PROC. TRT/15ª REGIÃO Nº 0012971-25.2018.5.15.0040

RECURSO ORDINÁRIO

RECORRENTE: MUNICIPIO DE AREIAS

RECORRIDO: ODAIR MARIANO RODRIGUES

ORIGEM: VARA DO TRABALHO DE CRUZEIRO

JUIZ SENTENCIANTE: ALEXANDRE KLIMAS

GDP

Ementa

Relatório

Trata-se de recurso ordinário (ID a81655b) interposto pelo reclamado MUNICIPIO DE AREIAS contra a r. sentença de ID eb64247, que julgou procedentes em parte os pedidos.

O recorrente postula a exclusão da condenação à dobra das férias+1/3 e aos honorários advocatícios.

Isento do recolhimento das custas processuais, nos termos do inciso I, do art. 790-A da CLT e dispensado do depósito recursal, conforme inciso IV, do art. do Decreto-Lei n.º 779/69.

Contrarrazões pela reclamante (ID 4c203bd).

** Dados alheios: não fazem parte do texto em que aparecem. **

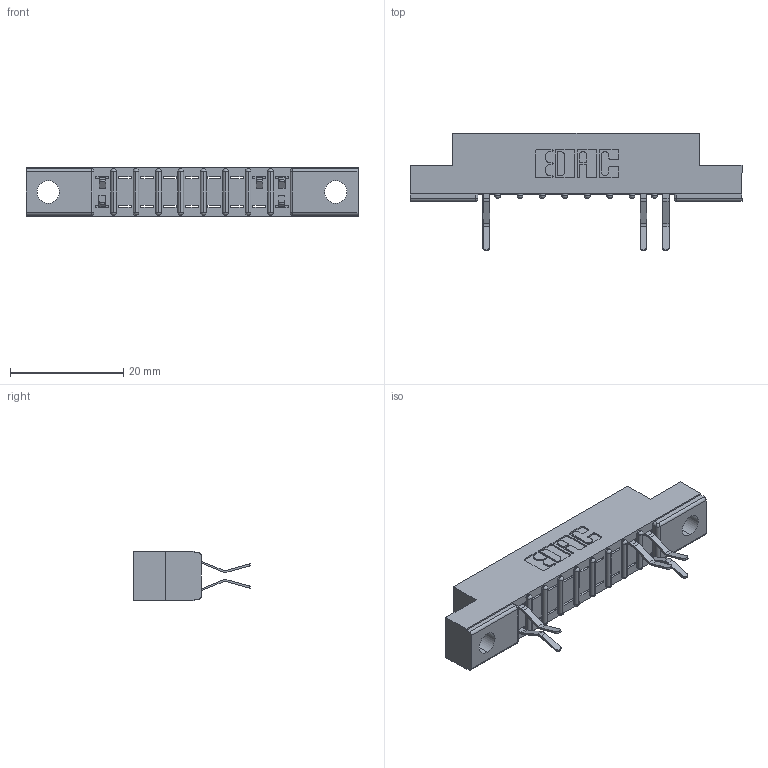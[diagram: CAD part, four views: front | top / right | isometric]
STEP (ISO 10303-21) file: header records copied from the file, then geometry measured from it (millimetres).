
FILE_DESCRIPTION (( 'STEP AP203' ), '1' );
FILE_NAME ('307-018-560-204.STEP', '2018-08-03T23:42:25', ( '' ), ( '' ), 'SwSTEP 2.0', 'SolidWorks 2016', '' );
FILE_SCHEMA (( 'CONFIG_CONTROL_DESIGN' ));
Length unit declared in the file: inch
Products named in the file (3): 307 Part_.156 Dia Mounting Holes; 307-290-001_560; 307-018-560-204
Assembly tree (6 placements, depth 2):
  307-018-560-204
    307 Part_.156 Dia Mounting Holes
    307-290-001_560  x5
Bounding box: 58.67 x 20.73 x 8.71 mm (x, y, z)
Volume: 3571.3 mm3; surface area: 4562.2 mm2
Topology: 6 solids, 6 shells, 522 faces, 1485 edges, 954 vertices
Faces by surface type: plane 327, cylinder 175, sphere 20
Entity records: 12178 total; most frequent: CARTESIAN_POINT 2062, ORIENTED_EDGE 2050, DIRECTION 2013, EDGE_CURVE 1025, LINE 779, VECTOR 779, VERTEX_POINT 666, AXIS2_PLACEMENT_3D 617
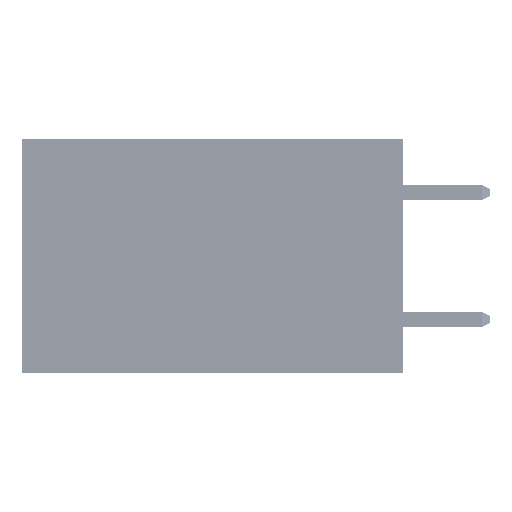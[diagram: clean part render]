
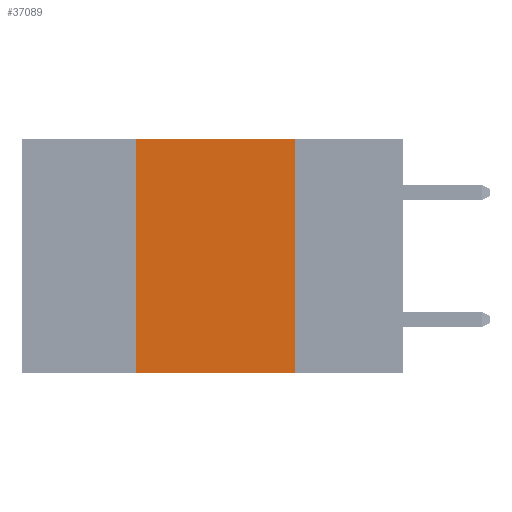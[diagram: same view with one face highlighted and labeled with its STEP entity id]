
A CAD part, left-side view. The second image highlights one B-rep face of the part: STEP entity #37089.
In plain terms, the highlighted planar face has unit normal (-1, 0, 0).
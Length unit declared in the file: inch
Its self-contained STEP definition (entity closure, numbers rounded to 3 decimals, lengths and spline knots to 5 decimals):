
#393 = DIRECTION ( 'NONE',  ( 0., -1., 0. ) ) ;
#1329 = DIRECTION ( 'NONE',  ( 0., 0., -1. ) ) ;
#3539 = AXIS2_PLACEMENT_3D ( 'NONE', #32922, #47894, #10093 ) ;
#6001 = LINE ( 'NONE', #31225, #37659 ) ;
#8784 = CARTESIAN_POINT ( 'NONE',  ( 0., 0.42, -0.37 ) ) ;
#10093 = DIRECTION ( 'NONE',  ( 0., 0., -1. ) ) ;
#11614 = ORIENTED_EDGE ( 'NONE', *, *, #29487, .F. ) ;
#12216 = DIRECTION ( 'NONE',  ( 0., 0., 1. ) ) ;
#12260 = CARTESIAN_POINT ( 'NONE',  ( 0., 0.6, 0. ) ) ;
#15110 = ORIENTED_EDGE ( 'NONE', *, *, #18447, .T. ) ;
#15209 = CARTESIAN_POINT ( 'NONE',  ( 0., 0.17, 0. ) ) ;
#17299 = VECTOR ( 'NONE', #393, 39.37008 ) ;
#18447 = EDGE_CURVE ( 'NONE', #27895, #48125, #29287, .T. ) ;
#23366 = VECTOR ( 'NONE', #12216, 39.37008 ) ;
#23712 = EDGE_LOOP ( 'NONE', ( #37638, #11614, #36813, #15110 ) ) ;
#24342 = FACE_OUTER_BOUND ( 'NONE', #23712, .T. ) ;
#27895 = VERTEX_POINT ( 'NONE', #8784 ) ;
#28429 = PLANE ( 'NONE',  #3539 ) ;
#28668 = CARTESIAN_POINT ( 'NONE',  ( 0., 0.6, -0.37 ) ) ;
#29287 = LINE ( 'NONE', #28668, #44828 ) ;
#29487 = EDGE_CURVE ( 'NONE', #45875, #44226, #38234, .T. ) ;
#31225 = CARTESIAN_POINT ( 'NONE',  ( 0., 0.17, 0. ) ) ;
#32512 = DIRECTION ( 'NONE',  ( 0., -1., 0. ) ) ;
#32922 = CARTESIAN_POINT ( 'NONE',  ( 0., 0.6, 0. ) ) ;
#33152 = CARTESIAN_POINT ( 'NONE',  ( 0., 0.17, -0.37 ) ) ;
#33488 = CARTESIAN_POINT ( 'NONE',  ( 0., 0.42, 0. ) ) ;
#35068 = CARTESIAN_POINT ( 'NONE',  ( 0., 0.42, 0. ) ) ;
#35690 = EDGE_CURVE ( 'NONE', #44226, #48125, #6001, .T. ) ;
#36813 = ORIENTED_EDGE ( 'NONE', *, *, #41063, .F. ) ;
#37089 = ADVANCED_FACE ( 'NONE', ( #24342 ), #28429, .F. ) ;
#37638 = ORIENTED_EDGE ( 'NONE', *, *, #35690, .F. ) ;
#37659 = VECTOR ( 'NONE', #1329, 39.37008 ) ;
#38234 = LINE ( 'NONE', #12260, #17299 ) ;
#41063 = EDGE_CURVE ( 'NONE', #27895, #45875, #42463, .T. ) ;
#42463 = LINE ( 'NONE', #35068, #23366 ) ;
#44226 = VERTEX_POINT ( 'NONE', #15209 ) ;
#44828 = VECTOR ( 'NONE', #32512, 39.37008 ) ;
#45875 = VERTEX_POINT ( 'NONE', #33488 ) ;
#47894 = DIRECTION ( 'NONE',  ( 1., 0., 0. ) ) ;
#48125 = VERTEX_POINT ( 'NONE', #33152 ) ;
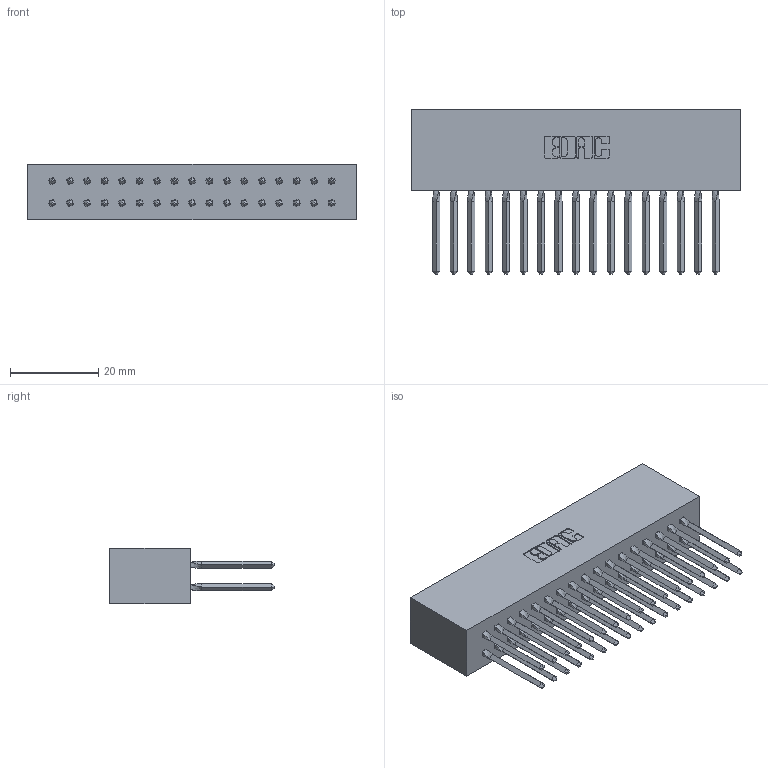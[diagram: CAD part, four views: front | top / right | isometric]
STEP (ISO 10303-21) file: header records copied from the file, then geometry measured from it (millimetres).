
FILE_DESCRIPTION (( 'STEP AP203' ), '1' );
FILE_NAME ('317-034-540-801.STEP', '2020-02-27T21:53:16', ( '' ), ( '' ), 'SwSTEP 2.0', 'SolidWorks 2016', '' );
FILE_SCHEMA (( 'CONFIG_CONTROL_DESIGN' ));
Length unit declared in the file: inch
Products named in the file (3): 317-034-540-801; 317-290-001_540; 317 Part_Lugless
Assembly tree (35 placements, depth 2):
  317-034-540-801
    317 Part_Lugless
    317-290-001_540  x34
Bounding box: 74.57 x 37.34 x 12.7 mm (x, y, z)
Volume: 13464.2 mm3; surface area: 19386.3 mm2
Topology: 35 solids, 35 shells, 3116 faces, 8637 edges, 5564 vertices
Faces by surface type: plane 2532, cylinder 448, bspline 136
Entity records: 27652 total; most frequent: CARTESIAN_POINT 5235, ORIENTED_EDGE 4734, DIRECTION 3945, EDGE_CURVE 2367, VECTOR 2119, LINE 2119, VERTEX_POINT 1571, AXIS2_PLACEMENT_3D 913
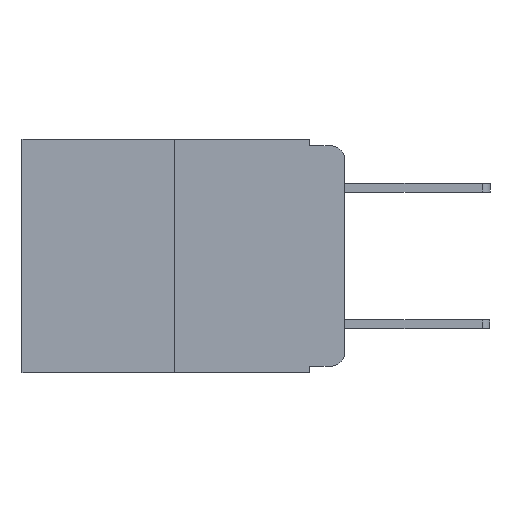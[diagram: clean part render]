
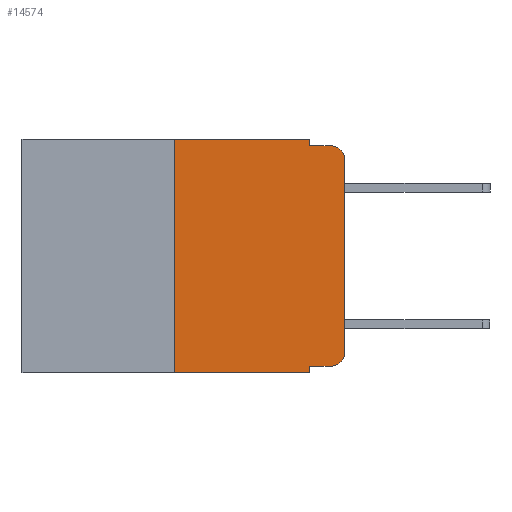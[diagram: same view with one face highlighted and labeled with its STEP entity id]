
A CAD part, left-side view. The second image highlights one B-rep face of the part: STEP entity #14574.
In plain terms, the highlighted planar face has unit normal (-1, 0, 0).
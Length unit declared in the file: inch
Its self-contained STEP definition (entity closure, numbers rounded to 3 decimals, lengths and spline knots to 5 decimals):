
#165 = EDGE_CURVE ( 'NONE', #5831, #4792, #11622, .T. ) ;
#669 = VERTEX_POINT ( 'NONE', #8501 ) ;
#972 = PLANE ( 'NONE',  #5659 ) ;
#1027 = AXIS2_PLACEMENT_3D ( 'NONE', #14235, #4806, #15732 ) ;
#1198 = LINE ( 'NONE', #18903, #12711 ) ;
#1745 = DIRECTION ( 'NONE',  ( 0., -1., 0. ) ) ;
#2481 = VECTOR ( 'NONE', #1745, 39.37008 ) ;
#3145 = VERTEX_POINT ( 'NONE', #7598 ) ;
#3214 = CARTESIAN_POINT ( 'NONE',  ( 0., 0., -0.313 ) ) ;
#3637 = VECTOR ( 'NONE', #9012, 39.37008 ) ;
#4226 = CARTESIAN_POINT ( 'NONE',  ( 0., 0.051, -0.333 ) ) ;
#4401 = DIRECTION ( 'NONE',  ( 0., -1., 0. ) ) ;
#4538 = CARTESIAN_POINT ( 'NONE',  ( 0., 0.473, 0. ) ) ;
#4620 = VECTOR ( 'NONE', #9293, 39.37008 ) ;
#4710 = ORIENTED_EDGE ( 'NONE', *, *, #14147, .F. ) ;
#4751 = LINE ( 'NONE', #7424, #3637 ) ;
#4792 = VERTEX_POINT ( 'NONE', #20214 ) ;
#4806 = DIRECTION ( 'NONE',  ( -1., 0., 0. ) ) ;
#4837 = CARTESIAN_POINT ( 'NONE',  ( 0., 0.473, 0. ) ) ;
#5092 = VERTEX_POINT ( 'NONE', #4226 ) ;
#5163 = LINE ( 'NONE', #12361, #4620 ) ;
#5219 = EDGE_CURVE ( 'NONE', #9406, #14464, #13444, .T. ) ;
#5245 = VERTEX_POINT ( 'NONE', #3214 ) ;
#5332 = DIRECTION ( 'NONE',  ( -1., 0., 0. ) ) ;
#5449 = CARTESIAN_POINT ( 'NONE',  ( 0., 0.473, -0.343 ) ) ;
#5659 = AXIS2_PLACEMENT_3D ( 'NONE', #4538, #15501, #6232 ) ;
#5831 = VERTEX_POINT ( 'NONE', #15018 ) ;
#5872 = CARTESIAN_POINT ( 'NONE',  ( 0., 0.051, 0. ) ) ;
#5892 = EDGE_LOOP ( 'NONE', ( #14310, #6524, #20479, #4710, #8963, #9464, #17556, #14086, #6286, #7750 ) ) ;
#6101 = CARTESIAN_POINT ( 'NONE',  ( 0., 0.051, -0.333 ) ) ;
#6232 = DIRECTION ( 'NONE',  ( 0., 0., -1. ) ) ;
#6286 = ORIENTED_EDGE ( 'NONE', *, *, #11022, .T. ) ;
#6397 = VECTOR ( 'NONE', #19437, 39.37008 ) ;
#6524 = ORIENTED_EDGE ( 'NONE', *, *, #17144, .T. ) ;
#7312 = CARTESIAN_POINT ( 'NONE',  ( 0., 0.25, 0. ) ) ;
#7424 = CARTESIAN_POINT ( 'NONE',  ( 0., 0.051, -0.01 ) ) ;
#7582 = VECTOR ( 'NONE', #16425, 39.37008 ) ;
#7598 = CARTESIAN_POINT ( 'NONE',  ( 0., 0.02, -0.01 ) ) ;
#7750 = ORIENTED_EDGE ( 'NONE', *, *, #9989, .T. ) ;
#8501 = CARTESIAN_POINT ( 'NONE',  ( 0., 0., -0.03 ) ) ;
#8690 = CARTESIAN_POINT ( 'NONE',  ( 0., 0.051, -0.01 ) ) ;
#8963 = ORIENTED_EDGE ( 'NONE', *, *, #5219, .F. ) ;
#8989 = AXIS2_PLACEMENT_3D ( 'NONE', #14704, #5332, #16177 ) ;
#9012 = DIRECTION ( 'NONE',  ( 0., -1., 0. ) ) ;
#9293 = DIRECTION ( 'NONE',  ( 0., 0., -1. ) ) ;
#9406 = VERTEX_POINT ( 'NONE', #9646 ) ;
#9464 = ORIENTED_EDGE ( 'NONE', *, *, #13117, .F. ) ;
#9525 = FACE_OUTER_BOUND ( 'NONE', #5892, .T. ) ;
#9646 = CARTESIAN_POINT ( 'NONE',  ( 0., 0.25, 0. ) ) ;
#9655 = DIRECTION ( 'NONE',  ( 0., -1., 0. ) ) ;
#9989 = EDGE_CURVE ( 'NONE', #15224, #5245, #18905, .T. ) ;
#10651 = LINE ( 'NONE', #6101, #18186 ) ;
#11022 = EDGE_CURVE ( 'NONE', #5092, #15224, #10651, .T. ) ;
#11622 = LINE ( 'NONE', #5449, #2481 ) ;
#12079 = EDGE_CURVE ( 'NONE', #5092, #4792, #5163, .T. ) ;
#12361 = CARTESIAN_POINT ( 'NONE',  ( 0., 0.051, 0. ) ) ;
#12472 = VECTOR ( 'NONE', #9655, 39.37008 ) ;
#12711 = VECTOR ( 'NONE', #20341, 39.37008 ) ;
#13117 = EDGE_CURVE ( 'NONE', #5831, #9406, #14667, .T. ) ;
#13444 = LINE ( 'NONE', #4837, #12472 ) ;
#14086 = ORIENTED_EDGE ( 'NONE', *, *, #12079, .F. ) ;
#14147 = EDGE_CURVE ( 'NONE', #14464, #18912, #1198, .T. ) ;
#14235 = CARTESIAN_POINT ( 'NONE',  ( 0., 0.02, -0.313 ) ) ;
#14310 = ORIENTED_EDGE ( 'NONE', *, *, #18083, .T. ) ;
#14442 = CIRCLE ( 'NONE', #8989, 0.02 ) ;
#14464 = VERTEX_POINT ( 'NONE', #5872 ) ;
#14574 = ADVANCED_FACE ( 'NONE', ( #9525 ), #972, .F. ) ;
#14667 = LINE ( 'NONE', #7312, #6397 ) ;
#14704 = CARTESIAN_POINT ( 'NONE',  ( 0., 0.02, -0.03 ) ) ;
#14938 = CARTESIAN_POINT ( 'NONE',  ( 0., 0., 0. ) ) ;
#15018 = CARTESIAN_POINT ( 'NONE',  ( 0., 0.25, -0.343 ) ) ;
#15141 = EDGE_CURVE ( 'NONE', #18912, #3145, #4751, .T. ) ;
#15224 = VERTEX_POINT ( 'NONE', #15339 ) ;
#15339 = CARTESIAN_POINT ( 'NONE',  ( 0., 0.02, -0.333 ) ) ;
#15501 = DIRECTION ( 'NONE',  ( 1., 0., 0. ) ) ;
#15732 = DIRECTION ( 'NONE',  ( 0., 0., -1. ) ) ;
#15801 = LINE ( 'NONE', #14938, #7582 ) ;
#16177 = DIRECTION ( 'NONE',  ( 0., 0., -1. ) ) ;
#16425 = DIRECTION ( 'NONE',  ( 0., 0., 1. ) ) ;
#17144 = EDGE_CURVE ( 'NONE', #669, #3145, #14442, .T. ) ;
#17556 = ORIENTED_EDGE ( 'NONE', *, *, #165, .T. ) ;
#18083 = EDGE_CURVE ( 'NONE', #5245, #669, #15801, .T. ) ;
#18186 = VECTOR ( 'NONE', #4401, 39.37008 ) ;
#18903 = CARTESIAN_POINT ( 'NONE',  ( 0., 0.051, 0. ) ) ;
#18905 = CIRCLE ( 'NONE', #1027, 0.02 ) ;
#18912 = VERTEX_POINT ( 'NONE', #8690 ) ;
#19437 = DIRECTION ( 'NONE',  ( 0., 0., 1. ) ) ;
#20214 = CARTESIAN_POINT ( 'NONE',  ( 0., 0.051, -0.343 ) ) ;
#20341 = DIRECTION ( 'NONE',  ( 0., 0., -1. ) ) ;
#20479 = ORIENTED_EDGE ( 'NONE', *, *, #15141, .F. ) ;

O Ministério Público do Trabalho opinou pelo prosseguimento do feito.

É o relatório.

Fundamentação

VOTO

Deixo de avocar, de ofício, o reexame necessário, porque, embora ilíquida a condenação, as circunstâncias fáticas narradas nos autos e o teor da r. sentença autorizam concluir que o valor arbitrado à condenação, no importe de R$6.000,00, é consentâneo com a expressão econômica dos pedidos acolhidos, não detendo potencial, ainda que remoto, de superar o teto legal de 100 salários mínimos, vigente à época da condenação, na forma do § 3º do art. 496 do CPC/15 e na Súmula n.º 303, I, a, do TST, sendo inaplicável a Súmula n.º 490 do STJ.

Presentes os pressupostos extrínsecos e intrínsecos de admissibilidade, conheço do recurso.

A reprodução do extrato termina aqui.